Advertisement

A chapter that’s all but forgotten: When the Civil War came west

Union soldiers attack Confederate cavalrymen during an reenactment of the Battle of Picacho Pass.
(Wally Skalij / Los Angeles Times)
Share
Los Angeles Times Staff Writer

Things hadn’t gone according to plan — do they ever in war? — and now, Lt. James Barrett was going to make them right. The cavalry officer and his dozen or so men would rescue his colleague, Capt. William McCleave, from those nettlesome rebels hiding near Picacho Peak, and McCleave would be returned to his rightful place with the California Volunteers and regulars.

The honor of California, a state that contributed more than 15,000 troops to the Union war effort, was at stake. But more than that, if the Confederates won control of the Southwest, riches from the gold, silver and copper mines would go to President Jefferson Davis and his fledgling nation. The Confederates would have access to the ports of Los Angeles and San Francisco, facilitating trade and diverting Union resources. And perhaps most important, the gray coats would have room to expand their new nation, creating a vast land and possibly winning the support of European nations.

If the Confederacy succeeded in building the Southwest into an empire, the Union was finished.

Advertisement

Barrett, more than likely, was focused on freeing McCleave, but perhaps he also felt the weight of the nation’s future. And perhaps this is why Barrett, an experienced officer, made the mistake that buoyed the sagging rebel forces in what many consider the westernmost battle of the war. His error was costly but not fatal to the Union. The same could not be said of him. He is still out here, buried, it’s said, by Interstate 10, along with some of the most interesting and underappreciated history of the American Civil War.

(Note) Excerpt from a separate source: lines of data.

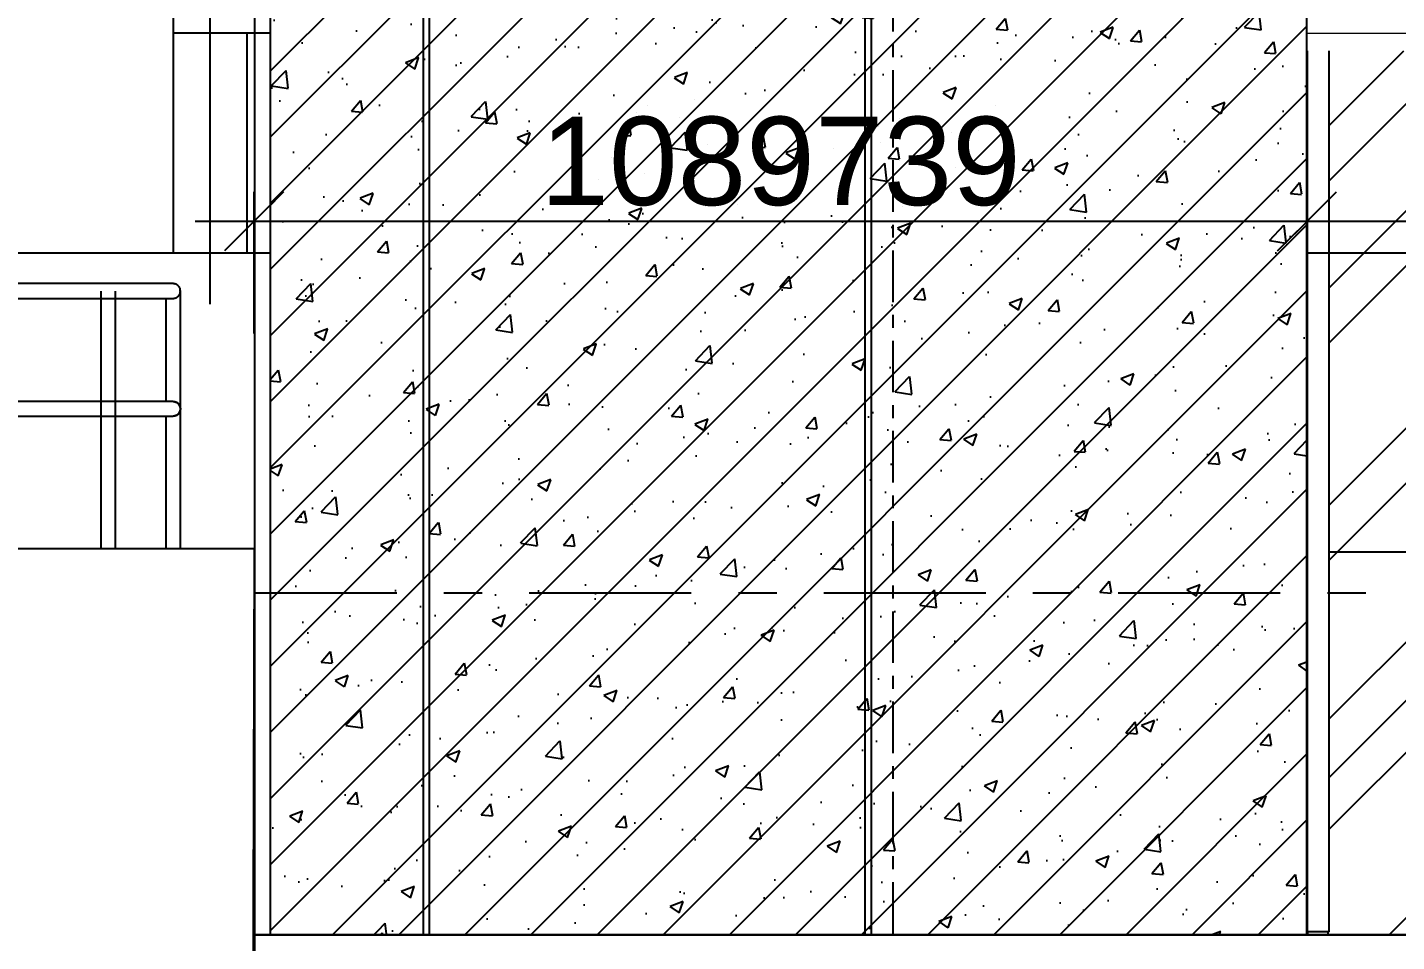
# Model space of a CAD drawing. Header units: millimetres. Extents: x 663313 to 1226001, y 1431724 to 1620898.
# Drawn here: x 852676 to 857326, y 1509922 to 1513025 of the extents above; entities that cross this region are included whole.
import ezdxf
from ezdxf.enums import TextEntityAlignment as Align

# ---------------------------------------------------------------- set-up
doc = ezdxf.new("R2010")
doc.units = ezdxf.units.MM
doc.set_wipeout_variables(frame=1)
for name, pattern in [('CENTER', [50.800000000000004, 31.75, -6.35, 6.35, -6.35]), ('DPA_Grid _ Level 100', [1000, 550, -160, 130, -160]), ('Grid Line', [22.225, 12.7, -3.175000000000001, 3.175000000000001, -3.175000000000001]), ('HIDDEN', [0.375, 0.25, -0.125]), ('TA_GL_000.70000', [1.925, 0.7, -0.175, 0.175, -0.175, 0.7]), ('XKITLINE00', [0])]:
    doc.linetypes.add(name, pattern=pattern)
doc.layers.add('000 - 0_HIDE_OBJ_FRAMING_DEF_SUB', color=7, linetype='Continuous', plot=False)
for name, color, linetype in [('000 - 0_SYM_DWG_GRIDLINE_MAIN_COLOR_251', 7, 'Continuous'), ('000 - 0_SYM_DWG_SLOPE-SYM_TEXT_COLOR_3', 7, 'Continuous'), ('000 - CONCRETE_COL_HATCH_', 7, 'Continuous'), ('000 - CONCRETE_EX_BUILDING_CUT_COLOR_5', 7, 'Continuous'), ('000 - CONCRETE_EX_BUILDING_MAIN_COLOR_1', 7, 'Continuous'), ('000 - CONCRETE_EX_BUILDING_SUB_COLOR_251', 7, 'Continuous'), ('000 - CONCRETE_EX_BUILDING_WIPEOUT_', 7, 'Continuous'), ('000 - CONCRETE_PRECAST_MAIN_COLOR_1', 7, 'Continuous'), ('000 - CONCRETE_PRECAST_MAIN_COLOR_3', 7, 'Continuous'), ('000 - CONCRETE_PRECAST_WIPEOUT_', 7, 'Continuous'), ('000 - GRID', 7, 'CENTER'), ('DIM', 7, 'Continuous'), ('REVISE', 7, 'Continuous')]:
    doc.layers.add(name, color=color, linetype=linetype)
doc.layers.add('A-FLOR-E', color=7, linetype='Continuous', lineweight=9)
doc.layers.add('Part', color=7, linetype='Continuous', lineweight=0)
doc.styles.add('Arial', font='arial.ttf')
doc.styles.add('Arial_2', font='arial.ttf', dxfattribs={"height": 299.9999999999999})
doc.styles.add('TA', font='', dxfattribs={"height": 4.5})
doc.styles.get('TA').set_extended_font_data('Cordia New')
doc.dimstyles.new('DPA-DIM-3_0_T-T', dxfattribs={"dimscale": 304.8, "dimtxt": 1.004192322792293, "dimasz": 0.6561679790026247, "dimexe": 0.3280839895013123, "dimexo": 0.0625, "dimgap": 0.1640419947506562, "dimtad": 1, "dimdec": 0, "dimlfac": 304.8, "dimzin": 0, "dimdsep": 46, "dimtxsty": 'Arial_2', "dimblk1": 'OBLIQUE', "dimblk2": 'OBLIQUE', "dimsah": 1, "dimcen": 0.09, "dimdle": 0.6561679790026247, "dimclrd": 7, "dimclre": 7, "dimclrt": 7, "dimadec": 8, "dimazin": 0, "dimtfac": 1, "dimtdec": 4, "dimtix": 1, "dimtmove": 0, "dimatfit": 3, "dimfxl": 0.004305564166683888, "dimfxlon": 1, "dimtvp": 1, "dimtolj": 1, "dimtzin": 0, "dimarcsym": 2})
doc.dimstyles.new('DPA-DIM-3_0_T-T_2', dxfattribs={"dimscale": 304.8, "dimtxt": 1.004192322792293, "dimasz": 0.4921259842519685, "dimexe": 0.3280839895013123, "dimexo": 0.0625, "dimgap": 0.1640419947506562, "dimtad": 1, "dimdec": 0, "dimlfac": 304.8, "dimzin": 0, "dimdsep": 46, "dimtxsty": 'Arial_2', "dimblk1": 'DOTBLANK', "dimblk2": 'OBLIQUE', "dimsah": 1, "dimcen": 0.09, "dimdle": 0.6561679790026247, "dimclrd": 7, "dimclre": 7, "dimclrt": 7, "dimadec": 8, "dimazin": 0, "dimtfac": 1, "dimtdec": 4, "dimtix": 1, "dimtmove": 0, "dimatfit": 3, "dimfxl": 0.004305564166683888, "dimfxlon": 1, "dimtvp": 1, "dimtolj": 1, "dimtzin": 0, "dimarcsym": 2})
pattern_1 = [(45, (-315517.718, 120820.785), (660.5112727334787, 1761.361979742381), [11676.291, -1556.839, 3892.097, -778.419]), (45, (-315060.864, 121828.064), (-1282.491589853322, 181.6408828444191), [2335.258, -256.878, 4670.516, -583.815]), (45, (-315710.367, 121563.86), (2493.428216091252, 3230.998571624878), [6227.355, -1089.787, 3113.678, -778.419])]

# ---------------------------------------------------------------- blocks, each defined once
blk = doc.blocks.new('A$Cc1931124')
at = {"color": 7}
for p, q in [((12.60928055539239, 4.65433913632296e-10), (12.60928055539239, -1.69551309966505)), ((12.93928365537408, -0.9499999997208306), (12.6092805555088, -0.949999999488)), ((12.85928055539239, -0.9499999997208306), (12.85928055539239, -1.69551309966505))]:
    blk.add_line(p, q, dxfattribs=at)
at = {"layer": '000 - 0_HIDE_OBJ_FRAMING_DEF_SUB', "color": 7, "linetype": 'Grid Line'}
for p, q in [((15.05428055545758, 10.58080078079342), (15.05428055545758, -2.151425216347207)), ((12.73428055539239, 9.63612488144986), (12.73428055539239, -1.869362701894943)), ((14.03428055543895, 9.63612488144986), (14.03428055543895, -1.869362701894943)), ((16.25928055553209, 9.63612488144986), (16.25928055553209, -1.869362701894943))]:
    blk.add_line(p, q, dxfattribs=at)
at = {"layer": '000 - 0_HIDE_OBJ_FRAMING_DEF_SUB', "color": 7, "ltscale": 15}
blk.add_lwpolyline([(2.482848443905596, -1.69551309966505), (15.63102054980095, -1.69551309966505, -0.6377520879435784), (15.64975852402836, -1.744704212295119), (15.61411260033469, -1.780709630577121), (15.78450566204242, -1.610316571314115), (15.74696356209438, -1.648438822245453, 0.6100499591020645), (15.76759771257616, -1.69551309966505), (28.79609611397586, -1.69551309966505)], format="xyb", dxfattribs=at)
at = {"layer": 'A-FLOR-E', "color": 7, "linetype": 'HIDDEN', "ltscale": 20}
blk.add_lwpolyline([(16.45928365539271, -0.949999999488), (29.66028155537765, -0.9499999997208306), (29.66028155537765, 2.326032699784264e-10), (12.63428365543928, 4.65433913632296e-10)], dxfattribs=at)
at = {"layer": 'DIM', "color": 7, "linetype": 'ByBlock'}
for p, q in [((14.13006497744914, -1.059984329389636), (14.09270995890233, -1.036630871705938)), ((14.13006497744914, -1.059984329389636), (14.11649742384884, -1.10403862991393)), ((15.53214522812027, -1.483990395674709), (15.54571278172057, -1.439936095150415)), ((15.53214522812027, -1.483990395674709), (15.56950024655066, -1.507343853358407))]:
    blk.add_line(p, q, dxfattribs=at)
for centre, start, end in [((14.13789347186662, -1.213266044855345), 92.92370356728438, 261.4329742875079), ((15.52431673358637, -1.330708680209), 272.9237035672844, 81.43297428750788)]:
    blk.add_arc(centre, 0.1534814959973883, start, end, dxfattribs=at)
at = {"layer": 'Part', "color": 7, "linetype": 'XKITLINE00', "lineweight": 0}
blk.add_line((16.45928365539271, -0.9499999997208306), (16.45928365539271, -1.69551309966505), dxfattribs=at)
at = {"layer": 'REVISE', "color": 7, "insert": (14.81797005014937, -1.226342834299658), "char_height": 0.12, "attachment_point": 5, "style": 'Arial', "bg_fill": 3, "box_fill_scale": 1.1, "bg_fill_color": 256, "bg_fill_true_color": 13158600, "bg_fill_transparency": 0}
blk.add_mtext('\\A1;PRECAST WALL', dxfattribs=at)
blk = doc.blocks.new('Railing - 50mm-V67-ENT 4 ELE-2 sheet')
at = {"layer": '000 - CONCRETE_EX_BUILDING_SUB_COLOR_251', "color": 7}
for p, q in [((-145989.6028250622, 103650.0000000002), (-145989.6028250622, 104525.0000000002)), ((-146039.6028250622, 104500.0050877006), (-146039.6028250622, 104149.994929139)), ((-146039.6028250622, 104100.0050876414), (-146039.6028250622, 103650.0000000002))]:
    blk.add_line(p, q, dxfattribs=at)
blk = doc.blocks.new('Railing - 50mm-V68-ENT 4 ELE-2 sheet')
at = {"layer": '000 - CONCRETE_EX_BUILDING_SUB_COLOR_251', "color": 7}
for p, q in [((-146259.6074795941, 104525.0000000002), (-146259.6074795941, 103650.0000000002)), ((-146209.6074795942, 103650.0000000002), (-146209.6074795942, 104525.0000000002))]:
    blk.add_line(p, q, dxfattribs=at)
blk = doc.blocks.new('Railing - Post End-V69-ENT 4 ELE-2 sheet')
at = {"layer": '000 - CONCRETE_EX_BUILDING_SUB_COLOR_251', "color": 7}
for p, q in [((-146011.6100198815, 104549.8202158965), (-146010.6198698984, 104549.6806820846)), ((-145999.6729390297, 104545.0523939473), (-145998.8829994633, 104544.439317969)), ((-145991.6827473445, 104534.9834882354), (-145991.3018479146, 104534.0589438621))]:
    blk.add_line(p, q, dxfattribs=at)
blk = doc.blocks.new('Railing - Railing-15265332-ENT 4 ELE-2 sheet')
at = {"layer": '000 - CONCRETE_EX_BUILDING_SUB_COLOR_251', "color": 7}
for p, q in [((-146014.602825063, 104150.0000000004), (-150214.5987598419, 104150.0000000004)), ((-150200.2589485213, 104100.0000000005), (-146014.602825063, 104100.0000000005))]:
    blk.add_line(p, q, dxfattribs=at)
at = {"layer": '000 - CONCRETE_EX_BUILDING_SUB_COLOR_251', "color": 7, "flags": 128}
for points in [[(-146014.602825063, 104150.0000000003), (-146008.1323489355, 104149.1481456575), (-146002.1028250629, 104146.6506350949), (-145996.9251555332, 104142.67766953), (-145992.9521899684, 104137.5000000003), (-145990.4546794057, 104131.4704761279), (-145989.6028250629, 104125.0000000003)], [(-145989.6028250619, 104125.0000000001), (-145990.4546794046, 104131.4704761277), (-145992.9521899672, 104137.5000000001), (-145996.9251555322, 104142.6776695298), (-146002.1028250619, 104146.6506350947), (-146008.1323489343, 104149.1481456573), (-146014.6028250619, 104150.0000000001)], [(-145989.6028250629, 104125.0000000003), (-145990.4546794057, 104118.5295238727), (-145992.9521899684, 104112.5000000003), (-145996.9251555332, 104107.3223304706), (-146002.1028250629, 104103.3493649057), (-146008.1323489355, 104100.8518543431), (-146014.602825063, 104100.0000000003)], [(-146014.6028250619, 104100.0000000001), (-146008.1323489343, 104100.8518543429), (-146002.1028250619, 104103.3493649055), (-145996.9251555322, 104107.3223304705), (-145992.9521899672, 104112.5000000001), (-145990.4546794046, 104118.5295238726), (-145989.6028250619, 104125.0000000001)]]:
    blk.add_lwpolyline(points, dxfattribs=at)
at = {"color": 7}
for name in ['Railing - 50mm-V68-ENT 4 ELE-2 sheet', 'Railing - 50mm-V67-ENT 4 ELE-2 sheet', 'Railing - Post End-V69-ENT 4 ELE-2 sheet']:
    blk.add_blockref(name, (0, 0), dxfattribs=at)
blk = doc.blocks.new('Top Rail Type - Top Rail_Internal_-15265335-ENT 4 ELE-2 sheet')
at = {"layer": '000 - CONCRETE_EX_BUILDING_SUB_COLOR_251', "color": 7}
for p, q in [((-146014.6025329122, 104550.0000000002), (-150214.5984676921, 104550.0000000002)), ((-150200.2586563716, 104500.0000000002), (-146014.6025329122, 104500.0000000002))]:
    blk.add_line(p, q, dxfattribs=at)
for points, knots in [([(-145989.6025329122, 104525.0000000001), (-145989.6122083232, 104527.1816615651), (-145990.0289725939, 104530.4538615028), (-145991.444138001, 104534.5944386899), (-145992.8891225601, 104537.5357542958), (-145994.4071526474, 104539.808079155), (-145995.8019127165, 104541.4954138375), (-145997.2800531907, 104543.0886008401), (-145999.34290844, 104544.8905661969), (-146001.6170377548, 104546.4088681066), (-146003.5283490899, 104547.4378294528), (-146005.0298363721, 104548.1134849758), (-146006.5712720383, 104548.6901605212), (-146008.1273116248, 104549.1653923644), (-146009.7118221708, 104549.5371439654), (-146011.3374278587, 104549.8038238352), (-146012.9768783897, 104549.9642899004), (-146014.0606480993, 104549.9999999999), (-146014.6025329121, 104550.0000000001)], [0, 0, 0, 0, 0.08333333333333333, 0.125, 0.1666666666666667, 0.2083333333333333, 0.2291666666666667, 0.25, 0.2916666666666666, 0.3333333333333333, 0.3541666666666666, 0.375, 0.3958333333333334, 0.4166666666666667, 0.4375, 0.4583333333333334, 0.4791666666666667, 0.5, 0.5, 0.5, 0.5]), ([(-146014.6025329122, 104500.0000000001), (-146014.0606480993, 104499.9999999999), (-146012.9768785574, 104500.035710099), (-146011.3374272708, 104500.1961761684), (-146009.7118243541, 104500.4628560215), (-146008.1273034794, 104500.8346076855), (-146006.5713024368, 104501.3098392937), (-146005.0297229234, 104501.8865157158), (-146003.5287724858, 104502.5621679669), (-146002.0932854537, 104503.3339011872), (-146000.7132831725, 104504.1984167176), (-145998.9268889274, 104505.4698478915), (-145997.2806038559, 104506.9113958039), (-145995.8018111681, 104508.5045867816), (-145994.4072112734, 104510.191920488), (-145992.889102669, 104512.4642458257), (-145991.4441432355, 104515.4055612784), (-145990.0289694531, 104519.5461385165), (-145989.612208323, 104522.818338435), (-145989.6025329122, 104525.0000000001)], [0.5, 0.5, 0.5, 0.5, 0.5208333333333334, 0.5416666666666667, 0.5625, 0.5833333333333334, 0.6041666666666667, 0.625, 0.6458333333333333, 0.6666666666666666, 0.6875, 0.7083333333333333, 0.75, 0.7708333333333334, 0.7916666666666667, 0.8333333333333334, 0.875, 0.9166666666666666, 1, 1, 1, 1])]:
    blk.add_open_spline(points, degree=3, knots=knots, dxfattribs=at)
blk = doc.blocks.new('DPA_CP_Fence Type D _4150_ - Fence Post Left-Right w MRTA Logo-24314260-ENT 4 ELE-2 sheet')
at = {"layer": '000 - CONCRETE_EX_BUILDING_MAIN_COLOR_1', "color": 7}
for p, q in [((-145914.305634116, 103125.0000000002), (-145914.305634116, 101450.0000000002)), ((-145914.305634116, 103125.0000000001), (-145839.305634116, 103125.0000000001)), ((-145839.305634116, 103125.0000000001), (-145764.305634116, 103125.0000000001)), ((-145764.305634116, 101450.0000000002), (-145764.305634116, 103125.0000000002)), ((-145864.3056341159, 103025.0000000002), (-145864.3056341159, 101475.0000000002)), ((-145814.3056341159, 101475.0000000002), (-145814.3056341159, 103025.0000000002)), ((-145840.8056341158, 102365.4817442895), (-145840.8056341159, 102370.0000000001)), ((-145837.8056341158, 102370.0000000001), (-145837.8056341159, 102365.4817442895)), ((-145840.8056341159, 102249.9999999783), (-145840.8056341159, 102313.7375508806)), ((-145837.8056341159, 102313.7375508806), (-145837.8056341159, 102249.9999999783)), ((-145840.8056341159, 102186.2624490033), (-145840.8056341159, 102249.9999999783)), ((-145837.8056341159, 102249.9999999783), (-145837.8056341159, 102186.2624490033)), ((-145840.8056341159, 102130.0000000001), (-145840.8056341159, 102134.5182557106)), ((-145837.8056341159, 102134.5182557106), (-145837.8056341158, 102130.0000000001))]:
    blk.add_line(p, q, dxfattribs=at)
at = {"layer": '000 - CONCRETE_EX_BUILDING_MAIN_COLOR_1', "color": 7, "lineweight": 70}
for p, q in [((-145840.3056341159, 103025.0000000001), (-145840.3056341159, 101475.0000000001)), ((-145838.3056341158, 103025.0000000001), (-145840.3056341159, 103025.0000000001)), ((-145838.3056341158, 101475.0000000001), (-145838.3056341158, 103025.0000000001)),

THE BEST WAY TO PICACHO PEAK, ARIZ.

From LAX, Southwest, United and American offer nonstop service to Tucson, and US Airways, Delta, United and Southwest offer connecting service (change of plane). Restricted round-trip fares begin at $254.

BATTLE SITES

Picacho Peak State Park, 15520 Picacho Peak Road, Picacho, Ariz.; (520) 466-3183. Regular admission to the park is $7 a car, $10 during the reenactment. Hiking and camping. Next year’s reenactment is scheduled for March 10 and 11.

Ft. Bowie National Historic Site, 3203 S. Old Fort Bowie Road Bowie, Ariz.; (520) 847-2500, https://www.nps.gov/fobo. The visitor center and the ruins of the fort are about a 11/2-mile hike from a parking lot. Along the way are other ruins, re-creation of a cemetery and an Apache camp. Admission is free.


War in the West

In Northern Virginia, where I spent some of my growing-up years, the Civil War is so entwined with day-to-day life that you cannot escape it. If proximity to Manassas, Va., and Gettysburg, Pa., weren’t reminder enough, there is always Abraham Lincoln’s statue, 125 tons of sorrow, at his memorial in the District of Columbia.

Advertisement

The ghosts of conflicts past reminded me endlessly of the country’s schism, but the absence of same in the West had left me feeling untethered. The Civil War defined a nation, but where was California’s bond?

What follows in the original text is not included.